Prior to her hire at LAHSA, Adams Kellum was CEO of the homeless nonprofit St. Joseph Center. As I wrote in September 2020, a local business owner witnessed St. Joseph Center employees attempting to dump a disabled, elderly homeless woman in his parking lot.

At this point it’s fair to ask how many more audits, lawsuits, and exposes  it will take for city and county leaders to finally hold the agency’s leadership to account. Or better yet, to dismantle it altogether and start over again. Some city and county leaders are calling for just that, including Supervisors Lindsey Horvath and Kathryn Barger.

Adding bureaucracy to bureaucracy

Unfortunately, there are also some terrible ideas floating around City Hall and the County Seat. For example, on February 26 councilmembers Nithya Raman, Bob Bluemenfeld, and Katy Yarovslavsky introduced a motion to study the feasibility of setting up a new Bureau within the Los Angeles Housing Department. It would be tasked with “performance management” of LAHSA, and would be staffed by employees of the Department as well as LAHSA, the Mayor’s Office, the City Administrator’s Office, and the Housing Authority of the City of Los Angeles. 

Because there’s no cure for bureaucratic bloat like more bureaucratic bloat.

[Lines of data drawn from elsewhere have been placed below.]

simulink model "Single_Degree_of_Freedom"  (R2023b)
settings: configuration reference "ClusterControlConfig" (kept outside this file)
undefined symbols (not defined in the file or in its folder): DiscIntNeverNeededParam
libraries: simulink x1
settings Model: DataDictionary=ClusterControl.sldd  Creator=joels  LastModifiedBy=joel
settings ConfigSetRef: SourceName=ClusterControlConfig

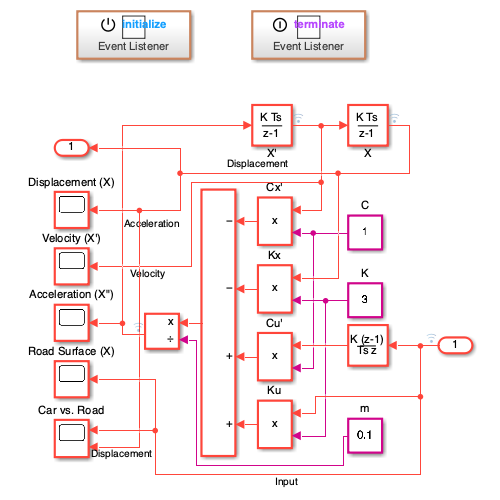
[thumbnail: Simulink's stored preview of the top-level diagram]
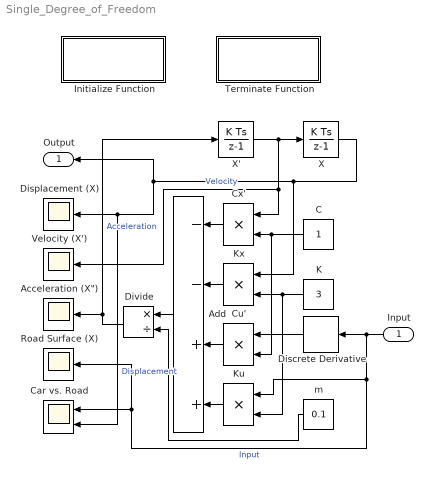
== system Single_Degree_of_Freedom ==
  Input : Inport
  "Acceleration (X\")" : Scope
  Add : Sum  Inputs=--++
  C : Constant
  Car vs. Road : Scope  NumInputPorts=2
  Cu' : Product
  Cx' : Product
  Discrete Derivative : simulink/Discrete/Discrete Derivative  gainval=1.0  ICPrevScaledInput=0.0  OutMin=[]  OutMax=[]  OutDataType=fixdt(1, 16)  OutScaling=2^-10  DoSatur=off
  Displacement (X) : Scope
  Divide : Product  Inputs=*/
  Initialize Function : Subsystem  TreatAsAtomicUnit=on
  K : Constant  Value=3
  Ku : Product
  Kx : Product
  Road Surface (X) : Scope
  Terminate Function : Subsystem  TreatAsAtomicUnit=on
  Velocity (X') : Scope
  X : DiscreteIntegrator  SampleTime=-1  ICPrevOutput=DiscIntNeverNeededParam  ICPrevScaledInput=DiscIntNeverNeededParam
  X' : DiscreteIntegrator  SampleTime=-1  ICPrevOutput=DiscIntNeverNeededParam  ICPrevScaledInput=DiscIntNeverNeededParam
  m : Constant  Value=0.1
  Output : Outport
  wires:
  Discrete Derivative/1 -> Cu'/1
  Kx/1 -> Add/2
  Cu'/1 -> Add/3
  Ku/1 -> Add/4
  m/1 -> Divide/2
  Add/1 -> Divide/1
  Divide/1 -> X'/1, "Acceleration (X\")"/1  "Acceleration"
  Cx'/1 -> Add/1
  C/1 -> Cu'/2, Cx'/2
  Input/1 -> Discrete Derivative/1, Ku/1, Car vs. Road/1, Road Surface (X)/1  "Input"
  X'/1 -> X/1, Velocity (X')/1, Cx'/1  "Velocity"
  X/1 -> Output/1, Car vs. Road/2, Displacement (X)/1, Kx/1  "Displacement"
  K/1 -> Ku/2, Kx/2

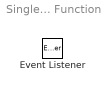
== system Single_Degree_of_Freedom/Initialize Function ==
  Event Listener : EventListener  DisableCoverage=on  EventName=reset

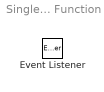
== system Single_Degree_of_Freedom/Terminate Function ==
  Event Listener : EventListener  DisableCoverage=on  EventType=Terminate  EventName=reset

Even the Alvarez & Marsal audit itself has experienced mission creep and budget bloat. Pursuant by an order from Judge Carter in April 2024 the City initially retained the firm for $2.2 million. However, according to the Times that amount subsequently increased as the “scope” of the audit grew. The final tab may have been as much as $4.2 million.

Incidentally, as a lawyer who worked at a large national firm that itself performed outside audits for cities, counties, Fortune 500 companies, and other entities with budgets far larger than LAHSA’s and the other City entities involved, I cannot fathom how Alvarez & Marsal needed that much to perform theirs.

Oh, wait. Yes, I can.

Also according to the Times story, a Managing Director at the firm was concerned that employees who worked on the audit were experiencing PTSD as a result of their visits to homeless shelters and encampments. Dianne Rafferty said, “The emotion that came out seeing what they were seeing and how these people are living, with all the money going to the service providers was heart-breaking.”

Pro tip to Ms. Rafferty: if your employees are so triggered merely by visiting homeless encampments, maybe your firm wasn’t the right pick for the job. Or maybe you chose the wrong employees for this particular gig.

Will this latest audit finally be the incentive for City and County officials to bring the hammer down on LAHSA, and for that matter the entire homeless industrial complex, which exploits some of society’s most vulnerable? They haven’t shown much appetite for it in the past.

Maybe they need a little goading. One thing residents can do is take a minute or two to write to your councilmember and supervisor to demand real reform (or, if you prefer, the elimination of LAHSA). While it’s easy to be cynical in this day and age, elected officials do pay attention. Especially if they hundreds or thousands of emails and phone calls on the same issue.

You can find your councilmember’s contact info here, and your supervisor’s here. Maybe its time for a little direct action.